Probably. The way to communicate with an installation is to look at
contact_email
in the spreadsheet mentioned in the README. Here's a direct link: https://docs.google.com/spreadsheets/d/1bfsw7gnHlHerLXuk7YprUT68liHfcaMxs1rFciA-mEo/edit#gid=0
Thank you @pdurbin! I am going to try to contact them and I will let you know about the results. :)
@pdurbin I noticed now that the missing description are only six, if I am not wrong, so I think they can be found on the official sites and be filled in this way, what do you think?
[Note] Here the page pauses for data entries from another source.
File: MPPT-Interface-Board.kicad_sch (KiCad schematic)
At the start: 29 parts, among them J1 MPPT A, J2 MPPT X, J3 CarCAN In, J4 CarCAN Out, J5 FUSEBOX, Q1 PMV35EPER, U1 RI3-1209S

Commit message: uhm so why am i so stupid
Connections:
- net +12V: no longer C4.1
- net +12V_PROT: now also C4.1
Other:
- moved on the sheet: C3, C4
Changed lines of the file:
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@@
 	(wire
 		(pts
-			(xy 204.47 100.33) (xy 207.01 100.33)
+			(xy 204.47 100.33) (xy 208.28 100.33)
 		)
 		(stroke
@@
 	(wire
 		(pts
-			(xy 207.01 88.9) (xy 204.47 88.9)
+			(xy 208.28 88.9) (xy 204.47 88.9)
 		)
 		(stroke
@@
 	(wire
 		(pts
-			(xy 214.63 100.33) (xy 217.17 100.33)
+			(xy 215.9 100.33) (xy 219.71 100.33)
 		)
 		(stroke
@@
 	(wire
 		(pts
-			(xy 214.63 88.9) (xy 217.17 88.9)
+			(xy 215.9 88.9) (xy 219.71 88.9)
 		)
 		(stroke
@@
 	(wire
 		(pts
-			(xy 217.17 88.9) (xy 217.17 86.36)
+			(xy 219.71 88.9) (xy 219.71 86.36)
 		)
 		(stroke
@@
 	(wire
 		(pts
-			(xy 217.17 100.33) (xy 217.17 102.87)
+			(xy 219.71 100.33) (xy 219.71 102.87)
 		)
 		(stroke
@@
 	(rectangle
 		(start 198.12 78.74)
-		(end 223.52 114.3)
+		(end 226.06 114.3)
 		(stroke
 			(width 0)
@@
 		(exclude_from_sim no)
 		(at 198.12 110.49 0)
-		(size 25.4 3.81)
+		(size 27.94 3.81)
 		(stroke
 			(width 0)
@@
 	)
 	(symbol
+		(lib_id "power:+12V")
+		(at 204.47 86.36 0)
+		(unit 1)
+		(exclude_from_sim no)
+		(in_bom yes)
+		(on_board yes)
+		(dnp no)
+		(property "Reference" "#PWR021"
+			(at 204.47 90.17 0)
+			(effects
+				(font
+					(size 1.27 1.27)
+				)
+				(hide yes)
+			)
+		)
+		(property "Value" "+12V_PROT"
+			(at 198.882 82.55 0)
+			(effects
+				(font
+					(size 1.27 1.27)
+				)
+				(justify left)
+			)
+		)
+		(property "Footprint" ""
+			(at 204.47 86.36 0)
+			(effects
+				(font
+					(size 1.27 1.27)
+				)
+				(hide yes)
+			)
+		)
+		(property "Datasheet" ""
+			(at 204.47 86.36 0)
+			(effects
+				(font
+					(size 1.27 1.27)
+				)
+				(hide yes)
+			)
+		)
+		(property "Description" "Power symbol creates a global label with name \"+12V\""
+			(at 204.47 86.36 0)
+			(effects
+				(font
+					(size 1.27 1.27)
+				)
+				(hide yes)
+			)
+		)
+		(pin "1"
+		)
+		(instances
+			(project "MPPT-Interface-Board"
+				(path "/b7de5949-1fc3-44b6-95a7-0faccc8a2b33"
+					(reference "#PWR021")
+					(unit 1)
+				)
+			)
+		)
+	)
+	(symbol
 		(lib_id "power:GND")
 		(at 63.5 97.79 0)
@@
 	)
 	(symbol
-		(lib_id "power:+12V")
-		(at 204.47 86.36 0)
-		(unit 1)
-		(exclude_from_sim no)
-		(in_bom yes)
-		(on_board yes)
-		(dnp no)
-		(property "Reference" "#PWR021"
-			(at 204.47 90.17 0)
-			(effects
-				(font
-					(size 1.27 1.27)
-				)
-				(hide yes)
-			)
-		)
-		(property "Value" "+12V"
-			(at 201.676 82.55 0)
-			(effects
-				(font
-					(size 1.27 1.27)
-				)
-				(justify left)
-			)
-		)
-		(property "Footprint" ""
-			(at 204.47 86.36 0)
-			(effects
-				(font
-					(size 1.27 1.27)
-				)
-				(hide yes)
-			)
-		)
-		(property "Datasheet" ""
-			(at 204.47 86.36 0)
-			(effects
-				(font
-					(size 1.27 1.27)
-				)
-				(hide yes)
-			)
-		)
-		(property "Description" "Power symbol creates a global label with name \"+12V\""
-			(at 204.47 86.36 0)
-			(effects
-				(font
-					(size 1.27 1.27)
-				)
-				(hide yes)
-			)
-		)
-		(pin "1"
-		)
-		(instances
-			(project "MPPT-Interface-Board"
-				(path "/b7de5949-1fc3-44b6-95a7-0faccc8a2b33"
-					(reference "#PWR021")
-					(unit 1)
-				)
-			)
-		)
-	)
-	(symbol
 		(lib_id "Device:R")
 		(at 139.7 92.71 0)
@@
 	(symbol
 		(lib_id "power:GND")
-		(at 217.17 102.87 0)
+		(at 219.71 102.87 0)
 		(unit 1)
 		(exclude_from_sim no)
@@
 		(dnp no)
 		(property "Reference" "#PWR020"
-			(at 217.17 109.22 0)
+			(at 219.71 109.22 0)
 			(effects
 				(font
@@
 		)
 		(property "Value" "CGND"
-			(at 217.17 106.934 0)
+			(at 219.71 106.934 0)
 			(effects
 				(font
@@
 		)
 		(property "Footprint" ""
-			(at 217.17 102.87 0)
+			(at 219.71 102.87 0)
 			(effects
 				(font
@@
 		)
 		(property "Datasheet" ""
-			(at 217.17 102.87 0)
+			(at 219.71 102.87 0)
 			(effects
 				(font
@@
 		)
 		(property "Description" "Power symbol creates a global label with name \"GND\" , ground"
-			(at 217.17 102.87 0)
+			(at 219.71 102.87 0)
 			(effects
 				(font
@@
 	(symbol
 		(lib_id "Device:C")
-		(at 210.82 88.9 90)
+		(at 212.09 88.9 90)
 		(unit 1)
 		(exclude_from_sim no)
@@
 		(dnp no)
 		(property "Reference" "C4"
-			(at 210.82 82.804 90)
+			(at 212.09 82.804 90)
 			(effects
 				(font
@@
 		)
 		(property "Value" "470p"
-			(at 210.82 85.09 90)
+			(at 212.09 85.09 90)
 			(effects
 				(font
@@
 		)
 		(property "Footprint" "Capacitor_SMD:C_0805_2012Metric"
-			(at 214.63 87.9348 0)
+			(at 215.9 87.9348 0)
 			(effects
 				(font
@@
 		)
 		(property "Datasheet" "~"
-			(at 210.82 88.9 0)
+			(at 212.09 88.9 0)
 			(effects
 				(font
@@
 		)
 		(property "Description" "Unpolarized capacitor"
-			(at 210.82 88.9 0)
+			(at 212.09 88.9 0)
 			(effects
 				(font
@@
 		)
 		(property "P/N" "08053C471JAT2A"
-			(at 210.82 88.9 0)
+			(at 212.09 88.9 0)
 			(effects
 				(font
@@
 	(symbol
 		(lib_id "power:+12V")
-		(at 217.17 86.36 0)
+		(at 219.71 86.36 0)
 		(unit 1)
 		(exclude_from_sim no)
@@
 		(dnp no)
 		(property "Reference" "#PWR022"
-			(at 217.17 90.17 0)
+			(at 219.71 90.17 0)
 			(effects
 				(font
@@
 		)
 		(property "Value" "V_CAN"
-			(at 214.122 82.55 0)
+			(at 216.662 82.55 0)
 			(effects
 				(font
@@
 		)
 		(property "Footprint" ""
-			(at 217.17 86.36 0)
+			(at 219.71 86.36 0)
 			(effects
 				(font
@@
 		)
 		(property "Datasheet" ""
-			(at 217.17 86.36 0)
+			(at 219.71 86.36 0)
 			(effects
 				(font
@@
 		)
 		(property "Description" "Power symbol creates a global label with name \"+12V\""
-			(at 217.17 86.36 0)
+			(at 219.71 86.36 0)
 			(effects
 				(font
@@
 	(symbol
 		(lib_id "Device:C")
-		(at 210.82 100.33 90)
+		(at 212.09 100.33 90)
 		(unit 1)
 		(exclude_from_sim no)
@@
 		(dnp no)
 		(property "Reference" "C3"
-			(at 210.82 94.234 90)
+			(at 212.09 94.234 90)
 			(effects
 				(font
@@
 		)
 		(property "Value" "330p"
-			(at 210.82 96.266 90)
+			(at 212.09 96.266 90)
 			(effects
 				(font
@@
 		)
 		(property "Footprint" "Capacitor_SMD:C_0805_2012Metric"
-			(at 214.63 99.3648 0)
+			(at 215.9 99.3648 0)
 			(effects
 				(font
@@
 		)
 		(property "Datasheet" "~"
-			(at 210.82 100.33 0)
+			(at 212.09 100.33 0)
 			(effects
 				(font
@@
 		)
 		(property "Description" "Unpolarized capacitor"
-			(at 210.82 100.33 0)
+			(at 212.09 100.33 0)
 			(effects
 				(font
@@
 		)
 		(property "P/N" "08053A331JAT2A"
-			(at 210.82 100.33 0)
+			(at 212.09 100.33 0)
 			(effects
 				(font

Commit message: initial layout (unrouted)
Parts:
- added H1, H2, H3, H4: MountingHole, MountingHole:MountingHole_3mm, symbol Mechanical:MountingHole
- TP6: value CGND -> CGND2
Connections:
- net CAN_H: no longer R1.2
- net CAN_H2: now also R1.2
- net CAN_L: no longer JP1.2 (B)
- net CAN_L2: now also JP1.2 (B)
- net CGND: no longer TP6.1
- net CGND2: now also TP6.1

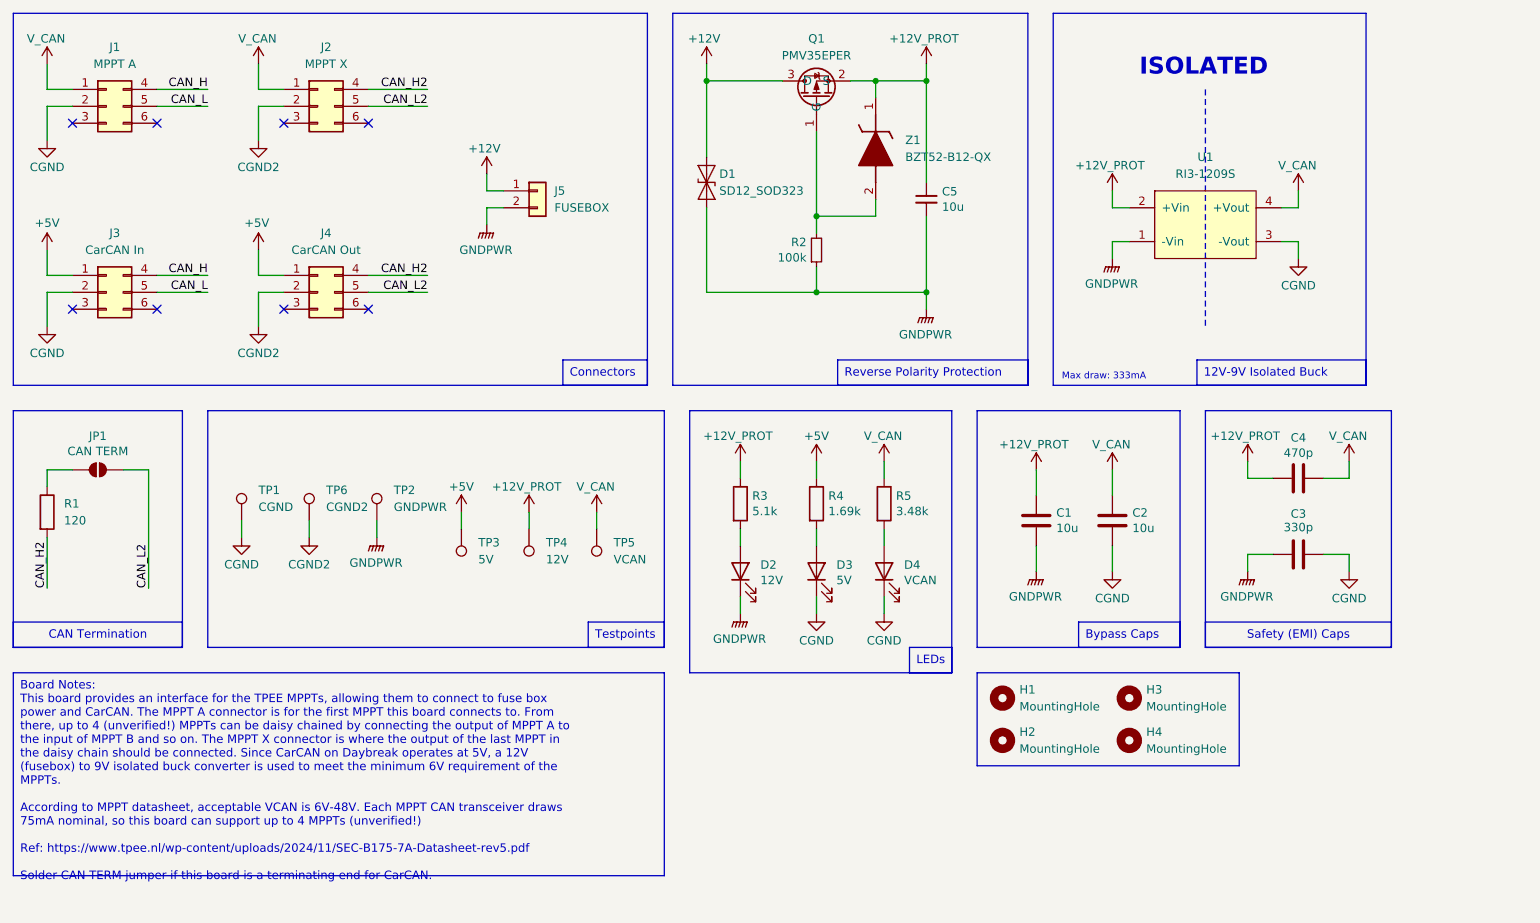
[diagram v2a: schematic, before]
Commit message: change carcan to 4 pin & add start termination
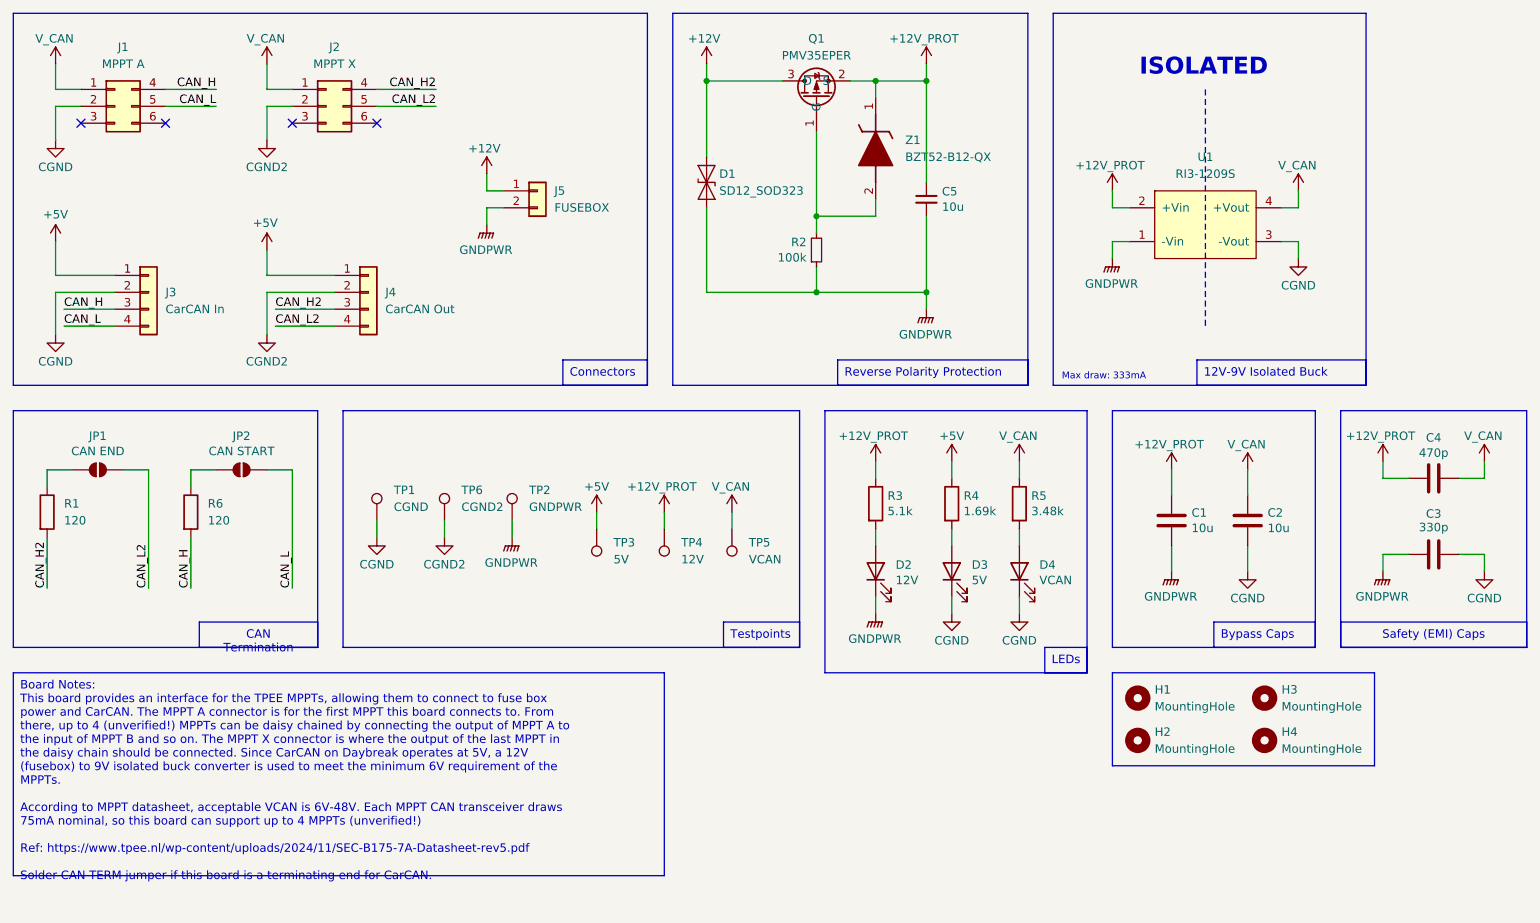
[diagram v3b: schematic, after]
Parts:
- added JP2: CAN START, Jumper:SolderJumper-2_P1.3mm_Open_TrianglePad1.0x1.5mm, symbol Jumper:SolderJumper_2_Open
- added R6: 120, Resistor_SMD:R_0805_2012Metric, symbol Device:R
- J3, J4: footprint Connector_Molex:Molex_Micro-Fit_3.0_43045-0612_2x03_P3.00mm_Vertical -> UTSVT_Connectors:Molex_MicroFit3.0_1x4xP3.00mm_PolarizingPeg_Vertical; symbol Connector_Generic:Conn_02x03_Top_Bottom -> Connector_Generic:Conn_01x04; P/N 430450612 -> 0436500415
- JP1: value CAN TERM -> CAN END
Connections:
- net CAN_H: now also J3.3 (Pin_3), R6.2; no longer J3.4 (Pin_4)
- net CAN_H2: now also J4.3 (Pin_3); no longer J4.4 (Pin_4)
- net CAN_L: now also J3.4 (Pin_4), JP2.2 (B); no longer J3.5 (Pin_5)
- net CAN_L2: now also J4.4 (Pin_4); no longer J4.5 (Pin_5)
- new net: JP2.1 (A), R6.1
- no-connect marks 8 -> 4
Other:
- moved on the sheet: C1, C2, C3, C4, D2, D3, D4, H1, H2, H3, H4, J1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

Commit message: redo layout/routing/silks
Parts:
- J3, J4: footprint UTSVT_Connectors:Molex_MicroFit3.0_1x4xP3.00mm_PolarizingPeg_Vertical -> UTSVT-Connectors:Molex_MicroFit3.0_1x4xP3.00mm_PolarizingPeg_Vertical
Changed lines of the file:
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@@
 			)
 		)
-		(property "Footprint" "UTSVT_Connectors:Molex_MicroFit3.0_1x4xP3.00mm_PolarizingPeg_Vertical"
+		(property "Footprint" "UTSVT-Connectors:Molex_MicroFit3.0_1x4xP3.00mm_PolarizingPeg_Vertical"
 			(at 72.39 60.96 0)
 			(effects
@@
 			)
 		)
-		(property "Footprint" "UTSVT_Connectors:Molex_MicroFit3.0_1x4xP3.00mm_PolarizingPeg_Vertical"
+		(property "Footprint" "UTSVT-Connectors:Molex_MicroFit3.0_1x4xP3.00mm_PolarizingPeg_Vertical"
 			(at 39.37 60.96 0)
 			(effects

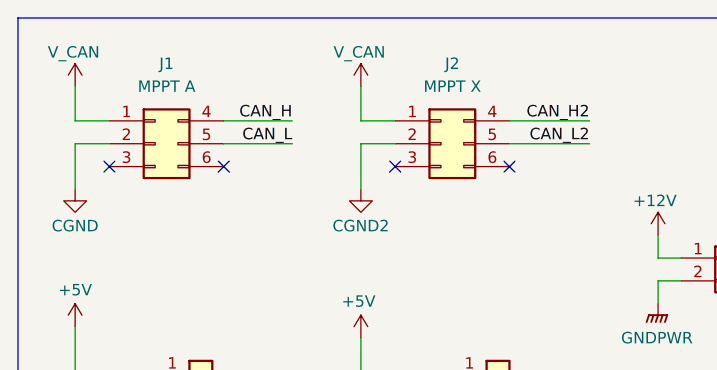
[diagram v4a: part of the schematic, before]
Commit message: lakshay make board black pls
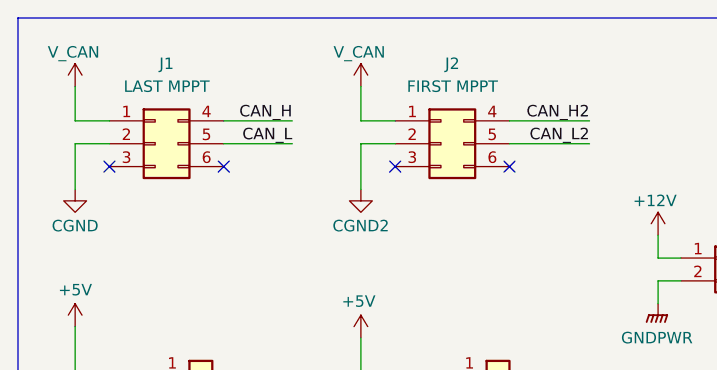
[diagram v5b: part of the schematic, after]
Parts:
- J1: value MPPT A -> LAST MPPT
- J2: value MPPT X -> FIRST MPPT
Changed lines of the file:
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@@
 			)
 		)
-		(property "Value" "MPPT A"
+		(property "Value" "LAST MPPT"
 			(at 35.56 26.67 0)
 			(effects
@@
 			)
 		)
-		(property "Value" "MPPT X"
+		(property "Value" "FIRST MPPT"
 			(at 67.31 26.67 0)
 			(effects

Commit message: wow
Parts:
- J1: value LAST MPPT -> FIRST MPPT
- J2: value FIRST MPPT -> LAST MPPT
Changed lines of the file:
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@@
 			)
 		)
-		(property "Value" "LAST MPPT"
+		(property "Value" "FIRST MPPT"
 			(at 35.56 26.67 0)
 			(effects
@@
 			)
 		)
-		(property "Value" "FIRST MPPT"
+		(property "Value" "LAST MPPT"
 			(at 67.31 26.67 0)
 			(effects

About the contact emails, there is the one from Abacus that I think has to be updated, because that one is not working: however, there are the mails of the library here: https://ask.library.ubc.ca/.
@IlariaBelvedere before we start filling in missing descriptions, can you please create a new issue for this? Yes, copying a reasonable description from an official site sounds fine.
A new issue for the Abacus email too, please! 😄
I announced the new charts at https://groups.google.com/g/dataverse-community/c/jqfxdU3e2FQ/m/cgRYbH4nAQAJ and https://dataversecommunity.slack.com/archives/C5V66TV6Y/p1654551361864179
I think the last thing to do for this issue is link to https://iqss.github.io/dataverse-installations/charts.html from somewhere. But where?
When I see graphs like the following from http://slides.com/mercecrosas/dataversecommunity2018#/5 ...
... I think, "This is a great graph but it would be nice to have the actual launch date of each of the Dataverse installations. We could add a column for this in the database.